One change may be worth considering. Instead of a whole day with a single track featuring both keynotes, perhaps have multiple tracks on all days but do a single track session at the start of day one and at the end of day two that accommodates the keynotes and the welcome and wrap up talks.

When we were trying to fit in all the proposals we got for Reykjavik, we considered doing this, but the idea simply arose too late. We were unable to secure the additional space required.

Again, we need to plan early.

The General Assembly should not be a conference

The GAs have changed a lot over the years. The IIPC met in Reykjavik for the first time in 2005. Back then we didn't call the meetings "GAs", they were just meetings. And they mostly oriented around discussions. They were working meetings. And they were usually very good.

The first GA, in Paris 2007, largely retained that, despite the fact that the IIPC was already beginning to grow. There was no 'open day'. 

By 2010 in Singapore, the open day was there. But in a way that made sense and it didn't overly affect the rest of the GA. I did notice, however, a marked change in the level of engagement by the attendees during sessions.

There seemed to be more people there 'just to listen'. There had always been some of those, but I found it difficult to get discussions going, where two years prior, they'd had usually been difficult to stop in order to take breaks! Not that those discussions had always been all that productive (some of it was just talk), but the atmosphere was more restrained.

At that time I was co-chair of the Harvesting Working Group (HWG) along with Lewis Crawford of the British Library. And although there was always good attendance at the HWG meetings we really struggled to engage the attendees.

Helen Hockx-Yu and Kris Carpenter, who led the Access Working Group (AWG) did a better job of this but clearly felt the same problem. Ultimately, both HWG and AWG became more of GA events than working groups and have now been decommissioned.

With larger groups and especially with many there 'just to listen' it becomes much easier to just do a series of presentations. Its safer, more predictable and when you add the pressure to fit in all the material from the CFP, it becomes inevitable.

But, in the process we have lost something.

Now that the WAC is firmly established and can serve very well for the people who 'just want to listen', I think it is time we refocus the GA on being working meetings. A venue for addressing both consortium business (like the portfolio breakout sessions in Reykjavik, but with more time!) and the work of the consortium (like the OpenWayback meeting and the Preservation and Content Development Working Group meetings in Reykjavik).

This will inevitably include some presentations (but keep them to a minimum!) and there may be some panel discussions but the overall focus should be on working meetings.
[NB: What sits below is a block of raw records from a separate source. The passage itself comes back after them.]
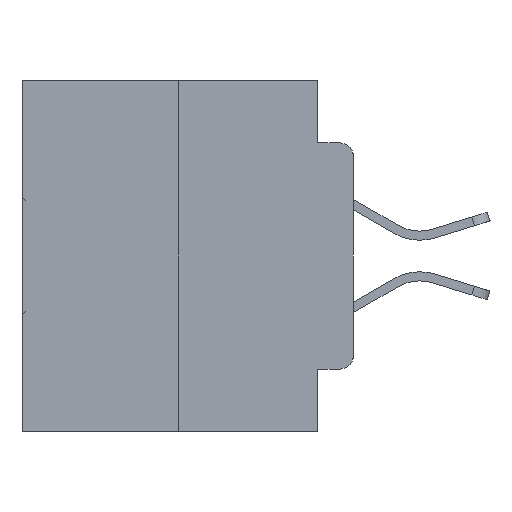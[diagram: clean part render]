
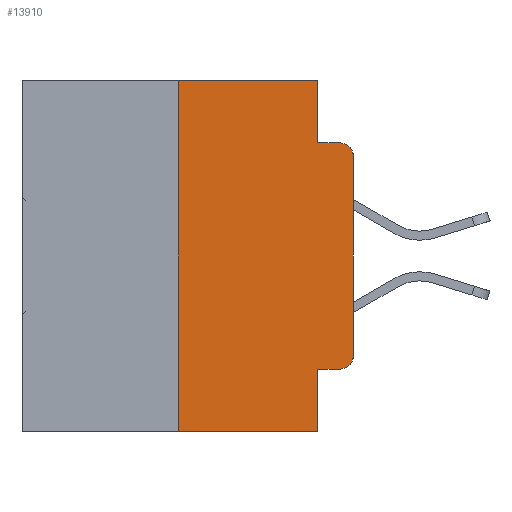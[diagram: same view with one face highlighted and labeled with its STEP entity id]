
A CAD part, left-side view. The second image highlights one B-rep face of the part: STEP entity #13910.
In plain terms, the highlighted planar face has unit normal (-1, 0, 0).
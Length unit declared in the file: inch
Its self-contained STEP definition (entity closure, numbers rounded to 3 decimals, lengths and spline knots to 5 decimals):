
#277 = ORIENTED_EDGE ( 'NONE', *, *, #3273, .T. ) ;
#918 = CARTESIAN_POINT ( 'NONE',  ( 0., 0.25, 0. ) ) ;
#970 = DIRECTION ( 'NONE',  ( -1., 0., 0. ) ) ;
#1089 = CARTESIAN_POINT ( 'NONE',  ( 0., 0.25, 0. ) ) ;
#1098 = ORIENTED_EDGE ( 'NONE', *, *, #9634, .F. ) ;
#1471 = CARTESIAN_POINT ( 'NONE',  ( 0., 0.02, -0.1085 ) ) ;
#1776 = VERTEX_POINT ( 'NONE', #26528 ) ;
#2844 = DIRECTION ( 'NONE',  ( 0., 0., -1. ) ) ;
#3273 = EDGE_CURVE ( 'NONE', #18722, #16980, #27747, .T. ) ;
#3785 = CARTESIAN_POINT ( 'NONE',  ( 0., 0.051, 0. ) ) ;
#3796 = DIRECTION ( 'NONE',  ( 0., 0., -1. ) ) ;
#3953 = DIRECTION ( 'NONE',  ( 0., 0., -1. ) ) ;
#5063 = CARTESIAN_POINT ( 'NONE',  ( 0., 0.051, 0. ) ) ;
#5247 = ORIENTED_EDGE ( 'NONE', *, *, #5700, .T. ) ;
#5414 = CARTESIAN_POINT ( 'NONE',  ( 0., 0.473, -0.5 ) ) ;
#5483 = DIRECTION ( 'NONE',  ( 0., 0., 1. ) ) ;
#5605 = LINE ( 'NONE', #5414, #31185 ) ;
#5700 = EDGE_CURVE ( 'NONE', #16980, #11868, #19783, .T. ) ;
#6307 = CARTESIAN_POINT ( 'NONE',  ( 0., 0.051, 0. ) ) ;
#6328 = EDGE_CURVE ( 'NONE', #1776, #21345, #17492, .T. ) ;
#6942 = EDGE_CURVE ( 'NONE', #1776, #12529, #5605, .T. ) ;
#7306 = CARTESIAN_POINT ( 'NONE',  ( 0., 0.02, -0.3915 ) ) ;
#7360 = DIRECTION ( 'NONE',  ( 0., -1., 0. ) ) ;
#7785 = CARTESIAN_POINT ( 'NONE',  ( 0., 0.051, -0.4115 ) ) ;
#8301 = CARTESIAN_POINT ( 'NONE',  ( 0., 0.051, -0.4115 ) ) ;
#8650 = LINE ( 'NONE', #28633, #27374 ) ;
#8698 = EDGE_LOOP ( 'NONE', ( #5247, #9598, #11801, #22413, #12560, #11139, #14962, #1098, #25430, #277 ) ) ;
#8946 = CIRCLE ( 'NONE', #12101, 0.02 ) ;
#9036 = EDGE_CURVE ( 'NONE', #11868, #13395, #8946, .T. ) ;
#9598 = ORIENTED_EDGE ( 'NONE', *, *, #9036, .T. ) ;
#9634 = EDGE_CURVE ( 'NONE', #28379, #12529, #27698, .T. ) ;
#10039 = VECTOR ( 'NONE', #24677, 39.37008 ) ;
#10183 = CARTESIAN_POINT ( 'NONE',  ( 0., 0.473, 0. ) ) ;
#11049 = CARTESIAN_POINT ( 'NONE',  ( 0., 0.02, -0.4115 ) ) ;
#11139 = ORIENTED_EDGE ( 'NONE', *, *, #6328, .F. ) ;
#11597 = AXIS2_PLACEMENT_3D ( 'NONE', #10183, #17502, #2844 ) ;
#11801 = ORIENTED_EDGE ( 'NONE', *, *, #20966, .F. ) ;
#11868 = VERTEX_POINT ( 'NONE', #20219 ) ;
#12101 = AXIS2_PLACEMENT_3D ( 'NONE', #1471, #18601, #3953 ) ;
#12529 = VERTEX_POINT ( 'NONE', #29654 ) ;
#12560 = ORIENTED_EDGE ( 'NONE', *, *, #14449, .F. ) ;
#12779 = LINE ( 'NONE', #14632, #24792 ) ;
#12902 = LINE ( 'NONE', #3785, #31176 ) ;
#13029 = VERTEX_POINT ( 'NONE', #5063 ) ;
#13395 = VERTEX_POINT ( 'NONE', #27949 ) ;
#13910 = ADVANCED_FACE ( 'NONE', ( #27047 ), #15092, .F. ) ;
#14236 = VECTOR ( 'NONE', #3796, 39.37008 ) ;
#14449 = EDGE_CURVE ( 'NONE', #21345, #13029, #12779, .T. ) ;
#14632 = CARTESIAN_POINT ( 'NONE',  ( 0., 0.473, 0. ) ) ;
#14962 = ORIENTED_EDGE ( 'NONE', *, *, #6942, .T. ) ;
#15092 = PLANE ( 'NONE',  #11597 ) ;
#16009 = VECTOR ( 'NONE', #26552, 39.37008 ) ;
#16444 = EDGE_CURVE ( 'NONE', #28379, #18722, #29157, .T. ) ;
#16980 = VERTEX_POINT ( 'NONE', #26352 ) ;
#17492 = LINE ( 'NONE', #918, #16009 ) ;
#17502 = DIRECTION ( 'NONE',  ( 1., 0., 0. ) ) ;
#18601 = DIRECTION ( 'NONE',  ( -1., 0., 0. ) ) ;
#18656 = CARTESIAN_POINT ( 'NONE',  ( 0., 0.051, -0.0885 ) ) ;
#18722 = VERTEX_POINT ( 'NONE', #11049 ) ;
#18778 = VERTEX_POINT ( 'NONE', #18656 ) ;
#19610 = AXIS2_PLACEMENT_3D ( 'NONE', #7306, #970, #25701 ) ;
#19783 = LINE ( 'NONE', #31023, #26113 ) ;
#20219 = CARTESIAN_POINT ( 'NONE',  ( 0., 0., -0.1085 ) ) ;
#20966 = EDGE_CURVE ( 'NONE', #18778, #13395, #8650, .T. ) ;
#21345 = VERTEX_POINT ( 'NONE', #1089 ) ;
#22413 = ORIENTED_EDGE ( 'NONE', *, *, #27345, .F. ) ;
#23855 = DIRECTION ( 'NONE',  ( 0., -1., 0. ) ) ;
#24677 = DIRECTION ( 'NONE',  ( 0., -1., 0. ) ) ;
#24792 = VECTOR ( 'NONE', #7360, 39.37008 ) ;
#25430 = ORIENTED_EDGE ( 'NONE', *, *, #16444, .T. ) ;
#25648 = DIRECTION ( 'NONE',  ( 0., 0., -1. ) ) ;
#25701 = DIRECTION ( 'NONE',  ( 0., 0., -1. ) ) ;
#26113 = VECTOR ( 'NONE', #5483, 39.37008 ) ;
#26352 = CARTESIAN_POINT ( 'NONE',  ( 0., 0., -0.3915 ) ) ;
#26528 = CARTESIAN_POINT ( 'NONE',  ( 0., 0.25, -0.5 ) ) ;
#26552 = DIRECTION ( 'NONE',  ( 0., 0., 1. ) ) ;
#26762 = DIRECTION ( 'NONE',  ( 0., -1., 0. ) ) ;
#27047 = FACE_OUTER_BOUND ( 'NONE', #8698, .T. ) ;
#27345 = EDGE_CURVE ( 'NONE', #13029, #18778, #12902, .T. ) ;
#27374 = VECTOR ( 'NONE', #23855, 39.37008 ) ;
#27698 = LINE ( 'NONE', #6307, #14236 ) ;
#27747 = CIRCLE ( 'NONE', #19610, 0.02 ) ;
#27949 = CARTESIAN_POINT ( 'NONE',  ( 0., 0.02, -0.0885 ) ) ;
#28379 = VERTEX_POINT ( 'NONE', #8301 ) ;
#28633 = CARTESIAN_POINT ( 'NONE',  ( 0., 0.051, -0.0885 ) ) ;
#29157 = LINE ( 'NONE', #7785, #10039 ) ;
#29654 = CARTESIAN_POINT ( 'NONE',  ( 0., 0.051, -0.5 ) ) ;
#31023 = CARTESIAN_POINT ( 'NONE',  ( 0., 0., 0. ) ) ;
#31176 = VECTOR ( 'NONE', #25648, 39.37008 ) ;
#31185 = VECTOR ( 'NONE', #26762, 39.37008 ) ;

Where specific topics are discussed and, as much as possible, actions are decided.

That's why I nominated the people I did for the GA Organizing Group. These are the people driving the work of the consortium. They should help form the GA agenda. At least as far as their area of responsibility is concerned.

To accommodate the less knowledgeable GA attendee (e.g. new members) it may be a good idea to schedule tutorials and/or training sessions in parallel to some of these working meetings.

I believe this can build up a more engaged community. And for those not interested in participating in specific work, the WAC will be there to provide them with an opportunity to learn and connect with other members.

This wont be an easy transition. As my experience with the HWG showed, it can be difficult to engage people. But by having a conference (and perhaps training events) to divert those just looking to learn and building sessions around specific strategic goals, I think we can bring this element of 'work' back.

And if we can't, I'm not sure we have much of a future except as a yearly conference.